There is good reason for this. Both Japan and China are the targets of Donald Trump's trade war. The US president accuses them both of exploiting the US through trade surpluses. He has imposed tariffs on most imports from China and has bullied Japan into trade talks by threatening to impose tariffs on car imports. China is Japan's biggest trade partner, and about 30,000 Japanese businesses are present in China. If China's economy suffers, so does Japan's.

Frank Sieren
Frank Sieren has lived in Beijing for over 20 yearsImage: picture-alliance/dpa/M. Tirl

At the meeting in Beijing, Japan and China signed off on about 500 cooperation deals worth $2.3 billion (€2 billion) in the areas of infrastructure, logistics, health and financial services. China also managed to involve Japan in its Silk Road trade infrastructure project without requiring too many concessions. Japan is not an official partner in the Belt and Road Initiative, which is supposed to draw Asia, Europe and Africa economically closer together. Abe was able to insist that "international standards" be applied to subprojects. In this, he is on the same wavelength as other industrialized nations, such as Germany, which have called on China to follow an "open, transparent and economically viable" approach that takes the financial situation of participating countries into account and does not plunge them into debt. Thanks to 50 new third-party agreements, Japan will be able to invest in infrastructure, including an urban development project in a special economic zone in eastern Thailand, that will benefit the Silk Road without being an official partner.

Trump's long shadow

Without mentioning the US president by name in their talks, the leaders of both countries said they wanted to better protect the global trade system from attacks — for instance, by setting up a currency exchange agreement between their central banks. This will protect the financial stability of both countries, in that China and Japan will be able to lend yuan and yen to each other as necessary. The $30 billion currency swap also sends a political signal to the United States. Beijing's goal is for the yuan to replace the US dollar as the world's reserve currency, or for it at least to have equal status. Trump's rough treatment of the US's allies has played into China's hands.

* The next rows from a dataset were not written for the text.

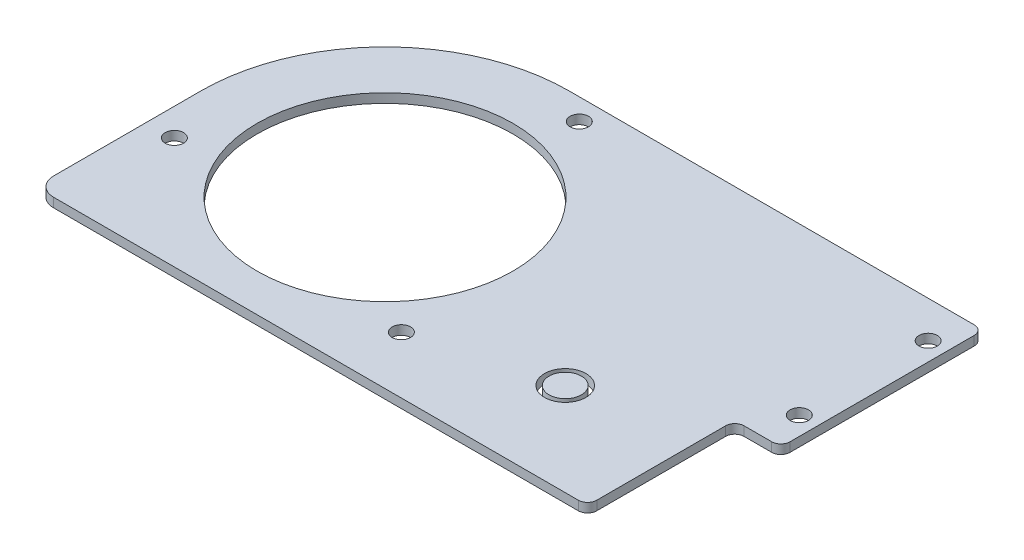
ISO-10303-21;
HEADER;
FILE_DESCRIPTION(('STEP AP214'),'2;1');
FILE_NAME('part.step','',(''),(''),'','','');
FILE_SCHEMA(('AUTOMOTIVE_DESIGN { 1 0 10303 214 1 1 1 1 }'));
ENDSEC;
DATA;
#1=APPLICATION_CONTEXT('core data for automotive mechanical design processes');
#2=APPLICATION_PROTOCOL_DEFINITION('international standard','automotive_design',2000,#1);
#3=PRODUCT_CONTEXT('',#1,'mechanical');
#4=PRODUCT('Part','Part','',(#3));
#5=PRODUCT_RELATED_PRODUCT_CATEGORY('part','',(#4));
#6=PRODUCT_DEFINITION_FORMATION('','',#4);
#7=PRODUCT_DEFINITION_CONTEXT('part definition',#1,'design');
#8=PRODUCT_DEFINITION('design','',#6,#7);
#9=PRODUCT_DEFINITION_SHAPE('','',#8);
#10=(LENGTH_UNIT() NAMED_UNIT(*) SI_UNIT(.MILLI.,.METRE.));
#11=(NAMED_UNIT(*) PLANE_ANGLE_UNIT() SI_UNIT($,.RADIAN.));
#12=(NAMED_UNIT(*) SI_UNIT($,.STERADIAN.) SOLID_ANGLE_UNIT());
#13=UNCERTAINTY_MEASURE_WITH_UNIT(LENGTH_MEASURE(1.E-05),#10,'distance_accuracy_value','');
#14=(GEOMETRIC_REPRESENTATION_CONTEXT(3) GLOBAL_UNCERTAINTY_ASSIGNED_CONTEXT((#13)) GLOBAL_UNIT_ASSIGNED_CONTEXT((#10,
#11,#12)) REPRESENTATION_CONTEXT('',''));
#15=CARTESIAN_POINT('',(0.,0.,0.));
#16=DIRECTION('',(0.,0.,1.));
#17=DIRECTION('',(1.,0.,0.));
#18=AXIS2_PLACEMENT_3D('',#15,#16,#17);
#19=CARTESIAN_POINT('',(-114.3,6.35,101.6));
#20=DIRECTION('',(0.,-1.,0.));
#21=DIRECTION('',(0.,0.,-1.));
#22=AXIS2_PLACEMENT_3D('',#19,#20,#21);
#23=PLANE('',#22);
#24=CARTESIAN_POINT('',(21.8094681715398,6.35,-112.199987068068));
#25=DIRECTION('',(0.,1.,0.));
#26=DIRECTION('',(0.,0.,1.));
#27=AXIS2_PLACEMENT_3D('',#24,#25,#26);
#28=CIRCLE('',#27,6.34999999999998);
#29=CARTESIAN_POINT('',(21.8094681715398,6.35,-105.849987068068));
#30=VERTEX_POINT('',#29);
#31=EDGE_CURVE('E191',#30,#30,#28,.T.);
#32=ORIENTED_EDGE('',*,*,#31,.F.);
#33=EDGE_LOOP('',(#32));
#34=FACE_BOUND('',#33,.T.);
#35=CARTESIAN_POINT('',(273.05,6.35,-101.6));
#36=DIRECTION('',(0.,1.,0.));
#37=DIRECTION('',(0.,0.,1.));
#38=AXIS2_PLACEMENT_3D('',#35,#36,#37);
#39=CIRCLE('',#38,6.35);
#40=CARTESIAN_POINT('',(273.05,6.35,-95.2500000000001));
#41=VERTEX_POINT('',#40);
#42=EDGE_CURVE('E179',#41,#41,#39,.T.);
#43=ORIENTED_EDGE('',*,*,#42,.F.);
#44=EDGE_LOOP('',(#43));
#45=FACE_BOUND('',#44,.T.);
#46=CARTESIAN_POINT('',(0.,6.35,0.));
#47=DIRECTION('',(0.,1.,0.));
#48=DIRECTION('',(0.,0.,1.));
#49=AXIS2_PLACEMENT_3D('',#46,#47,#48);
#50=CIRCLE('',#49,88.265);
#51=CARTESIAN_POINT('',(0.,6.35,88.265));
#52=VERTEX_POINT('',#51);
#53=EDGE_CURVE('E169',#52,#52,#50,.T.);
#54=ORIENTED_EDGE('',*,*,#53,.F.);
#55=EDGE_LOOP('',(#54));
#56=FACE_BOUND('',#55,.T.);
#57=CARTESIAN_POINT('',(-114.3,6.35,101.6));
#58=DIRECTION('',(0.,1.,0.));
#59=DIRECTION('',(0.,0.,-1.));
#60=AXIS2_PLACEMENT_3D('',#57,#58,#59);
#61=CIRCLE('',#60,12.7);
#62=CARTESIAN_POINT('',(-127.,6.35,101.6));
#63=VERTEX_POINT('',#62);
#64=CARTESIAN_POINT('',(-114.3,6.35,114.3));
#65=VERTEX_POINT('',#64);
#66=EDGE_CURVE('E139',#63,#65,#61,.T.);
#67=ORIENTED_EDGE('',*,*,#66,.T.);
#68=DIRECTION('',(1.,0.,0.));
#69=VECTOR('',#68,1.);
#70=CARTESIAN_POINT('',(247.65,6.35,114.3));
#71=LINE('',#70,#69);
#72=CARTESIAN_POINT('',(247.65,6.35,114.3));
#73=VERTEX_POINT('',#72);
#74=EDGE_CURVE('E132',#65,#73,#71,.T.);
#75=ORIENTED_EDGE('',*,*,#74,.T.);
#76=CARTESIAN_POINT('',(247.65,6.35,107.95));
#77=DIRECTION('',(0.,1.,0.));
#78=DIRECTION('',(0.,0.,1.));
#79=AXIS2_PLACEMENT_3D('',#76,#77,#78);
#80=CIRCLE('',#79,6.35000000000003);
#81=CARTESIAN_POINT('',(254.,6.35,107.95));
#82=VERTEX_POINT('',#81);
#83=EDGE_CURVE('E136',#73,#82,#80,.T.);
#84=ORIENTED_EDGE('',*,*,#83,.T.);
#85=DIRECTION('',(0.,0.,-1.));
#86=VECTOR('',#85,1.);
#87=CARTESIAN_POINT('',(254.,6.35,107.95));
#88=LINE('',#87,#86);
#89=CARTESIAN_POINT('',(254.,6.35,19.05));
#90=VERTEX_POINT('',#89);
#91=EDGE_CURVE('E157',#82,#90,#88,.T.);
#92=ORIENTED_EDGE('',*,*,#91,.T.);
#93=CARTESIAN_POINT('',(260.35,6.35,19.05));
#94=DIRECTION('',(0.,-1.,0.));
#95=DIRECTION('',(0.,0.,1.));
#96=AXIS2_PLACEMENT_3D('',#93,#94,#95);
#97=CIRCLE('',#96,6.35000000000001);
#98=CARTESIAN_POINT('',(260.35,6.35,12.7));
#99=VERTEX_POINT('',#98);
#100=EDGE_CURVE('E159',#90,#99,#97,.T.);
#101=ORIENTED_EDGE('',*,*,#100,.T.);
#102=DIRECTION('',(1.,0.,0.));
#103=VECTOR('',#102,1.);
#104=CARTESIAN_POINT('',(260.35,6.35,12.7));
#105=LINE('',#104,#103);
#106=CARTESIAN_POINT('',(279.4,6.35,12.7));
#107=VERTEX_POINT('',#106);
#108=EDGE_CURVE('E265',#99,#107,#105,.T.);
#109=ORIENTED_EDGE('',*,*,#108,.T.);
#110=CARTESIAN_POINT('',(279.4,6.35,6.35));
#111=DIRECTION('',(0.,1.,0.));
#112=DIRECTION('',(0.,0.,-1.));
#113=AXIS2_PLACEMENT_3D('',#110,#111,#112);
#114=CIRCLE('',#113,6.35000000000001);
#115=CARTESIAN_POINT('',(285.75,6.35,6.34999999999996));
#116=VERTEX_POINT('',#115);
#117=EDGE_CURVE('E263',#107,#116,#114,.T.);
#118=ORIENTED_EDGE('',*,*,#117,.T.);
#119=DIRECTION('',(0.,0.,-1.));
#120=VECTOR('',#119,1.);
#121=CARTESIAN_POINT('',(285.75,6.35,-120.65));
#122=LINE('',#121,#120);
#123=CARTESIAN_POINT('',(285.75,6.35,-120.65));
#124=VERTEX_POINT('',#123);
#125=EDGE_CURVE('E261',#116,#124,#122,.T.);
#126=ORIENTED_EDGE('',*,*,#125,.T.);
#127=CARTESIAN_POINT('',(279.4,6.35,-120.65));
#128=DIRECTION('',(0.,1.,0.));
#129=DIRECTION('',(0.,0.,-1.));
#130=AXIS2_PLACEMENT_3D('',#127,#128,#129);
#131=CIRCLE('',#130,6.35000000000001);
#132=CARTESIAN_POINT('',(279.4,6.35,-127.));
#133=VERTEX_POINT('',#132);
#134=EDGE_CURVE('E259',#124,#133,#131,.T.);
#135=ORIENTED_EDGE('',*,*,#134,.T.);
#136=DIRECTION('',(-1.,0.,0.));
#137=VECTOR('',#136,1.);
#138=CARTESIAN_POINT('',(279.4,6.35,-127.));
#139=LINE('',#138,#137);
#140=CARTESIAN_POINT('',(0.,6.35,-127.));
#141=VERTEX_POINT('',#140);
#142=EDGE_CURVE('E257',#133,#141,#139,.T.);
#143=ORIENTED_EDGE('',*,*,#142,.T.);
#144=CARTESIAN_POINT('',(0.,6.35,0.));
#145=DIRECTION('',(0.,1.,0.));
#146=DIRECTION('',(0.,0.,-1.));
#147=AXIS2_PLACEMENT_3D('',#144,#145,#146);
#148=CIRCLE('',#147,127.);
#149=CARTESIAN_POINT('',(-127.,6.35,0.));
#150=VERTEX_POINT('',#149);
#151=EDGE_CURVE('E255',#141,#150,#148,.T.);
#152=ORIENTED_EDGE('',*,*,#151,.T.);
#153=DIRECTION('',(0.,0.,1.));
#154=VECTOR('',#153,1.);
#155=CARTESIAN_POINT('',(-127.,6.35,0.));
#156=LINE('',#155,#154);
#157=EDGE_CURVE('E194',#150,#63,#156,.T.);
#158=ORIENTED_EDGE('',*,*,#157,.T.);
#159=EDGE_LOOP('',(#67,#75,#84,#92,#101,#109,#118,#126,#135,#143,#152,#158));
#160=FACE_BOUND('',#159,.T.);
#161=CARTESIAN_POINT('',(-108.072773191002,6.35,37.2124400544523));
#162=DIRECTION('',(0.,1.,0.));
#163=DIRECTION('',(0.,0.,1.));
#164=AXIS2_PLACEMENT_3D('',#161,#162,#163);
#165=CIRCLE('',#164,6.35);
#166=CARTESIAN_POINT('',(-108.072773191002,6.35,43.5624400544523));
#167=VERTEX_POINT('',#166);
#168=EDGE_CURVE('E172',#167,#167,#165,.T.);
#169=ORIENTED_EDGE('',*,*,#168,.F.);
#170=EDGE_LOOP('',(#169));
#171=FACE_BOUND('',#170,.T.);
#172=CARTESIAN_POINT('',(273.05,6.35,-12.7));
#173=DIRECTION('',(0.,1.,0.));
#174=DIRECTION('',(0.,0.,1.));
#175=AXIS2_PLACEMENT_3D('',#172,#173,#174);
#176=CIRCLE('',#175,6.35);
#177=CARTESIAN_POINT('',(273.05,6.35,-6.35));
#178=VERTEX_POINT('',#177);
#179=EDGE_CURVE('E185',#178,#178,#176,.T.);
#180=ORIENTED_EDGE('',*,*,#179,.F.);
#181=EDGE_LOOP('',(#180));
#182=FACE_BOUND('',#181,.T.);
#183=CARTESIAN_POINT('',(86.2633050194624,6.35,74.9875470136155));
#184=DIRECTION('',(0.,1.,0.));
#185=DIRECTION('',(0.,0.,1.));
#186=AXIS2_PLACEMENT_3D('',#183,#184,#185);
#187=CIRCLE('',#186,6.34999999999999);
#188=CARTESIAN_POINT('',(86.2633050194624,6.35,81.3375470136155));
#189=VERTEX_POINT('',#188);
#190=EDGE_CURVE('E55',#189,#189,#187,.T.);
#191=ORIENTED_EDGE('',*,*,#190,.F.);
#192=EDGE_LOOP('',(#191));
#193=FACE_BOUND('',#192,.T.);
#194=CARTESIAN_POINT('',(174.614839999995,6.35,50.2919999999997));
#195=DIRECTION('',(0.,-1.,0.));
#196=DIRECTION('',(0.,0.,-1.));
#197=AXIS2_PLACEMENT_3D('',#194,#195,#196);
#198=CIRCLE('',#197,14.2875);
#199=CARTESIAN_POINT('',(174.614839999995,6.35,36.0044999999997));
#200=VERTEX_POINT('',#199);
#201=EDGE_CURVE('E12',#200,#200,#198,.F.);
#202=ORIENTED_EDGE('',*,*,#201,.F.);
#203=EDGE_LOOP('',(#202));
#204=FACE_BOUND('',#203,.T.);
#205=ADVANCED_FACE('F46',(#34,#45,#56,#160,#171,#182,#193,#204),#23,.F.);
#206=CARTESIAN_POINT('',(-114.3,0.,101.6));
#207=DIRECTION('',(0.,-1.,0.));
#208=DIRECTION('',(0.,0.,-1.));
#209=AXIS2_PLACEMENT_3D('',#206,#207,#208);
#210=PLANE('',#209);
#211=CARTESIAN_POINT('',(21.8094681715398,0.,-112.199987068068));
#212=DIRECTION('',(0.,1.,0.));
#213=DIRECTION('',(0.,0.,1.));
#214=AXIS2_PLACEMENT_3D('',#211,#212,#213);
#215=CIRCLE('',#214,6.34999999999998);
#216=CARTESIAN_POINT('',(21.8094681715398,0.,-105.849987068068));
#217=VERTEX_POINT('',#216);
#218=EDGE_CURVE('E182',#217,#217,#215,.T.);
#219=ORIENTED_EDGE('',*,*,#218,.T.);
#220=EDGE_LOOP('',(#219));
#221=FACE_BOUND('',#220,.T.);
#222=CARTESIAN_POINT('',(273.05,0.,-101.6));
#223=DIRECTION('',(0.,1.,0.));
#224=DIRECTION('',(0.,0.,1.));
#225=AXIS2_PLACEMENT_3D('',#222,#223,#224);
#226=CIRCLE('',#225,6.35);
#227=CARTESIAN_POINT('',(273.05,0.,-95.2500000000001));
#228=VERTEX_POINT('',#227);
#229=EDGE_CURVE('E168',#228,#228,#226,.T.);
#230=ORIENTED_EDGE('',*,*,#229,.T.);
#231=EDGE_LOOP('',(#230));
#232=FACE_BOUND('',#231,.T.);
#233=CARTESIAN_POINT('',(0.,0.,0.));
#234=DIRECTION('',(0.,1.,0.));
#235=DIRECTION('',(0.,0.,1.));
#236=AXIS2_PLACEMENT_3D('',#233,#234,#235);
#237=CIRCLE('',#236,88.265);
#238=CARTESIAN_POINT('',(0.,0.,88.265));
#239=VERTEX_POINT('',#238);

The United States remains Japan's most important military ally. By visiting China and making an explicit invitation to President Xi Jinping, Abe was also sending the United States a message and asking for more attention. Abe knows that, though rapprochement with China is a reason for confidence, it is not grounds for euphoria. In October 2006, after a wave of anti-Japan demonstrations in China and at the start of his first term as prime minister, Abe became the first Japanese leader to make an official visit to Beijing in five years. Even then, there was talk of a "turning point". But then the two countries had another dispute. However, Abe has not forgotten how Trump put an abrupt end to the Trans-Pacific Partnership when he entered office. The TPP would have brought many Asian countries, including Japan and South Korea, together in a huge free trade zone with the United States. China, which was not part of the deal, would have come under huge pressure.

Two years after Trump's election, the world's diplomatic maps have been redrawn. New coalitions are emerging in Asia that would have been unthinkable in 2016. Last month, Indian Prime Minister Narendra Modi became the first foreign head of government to be invited to Abe's Mount Fuji holiday residence. At their talks in Tokyo, the two agreed to work more closely together on economic and security issues. "A strong India is beneficial for Japan, just like a strong Japan is in India's interest," Abe said. His government is trying to play a mediatory role instead of working for itself and against others. That's a remarkable development. Asian nations are becoming much more confident and are trying to work out their power struggles without the protective force of the United States, which itself tends to work in its own interests. And that's a good thing.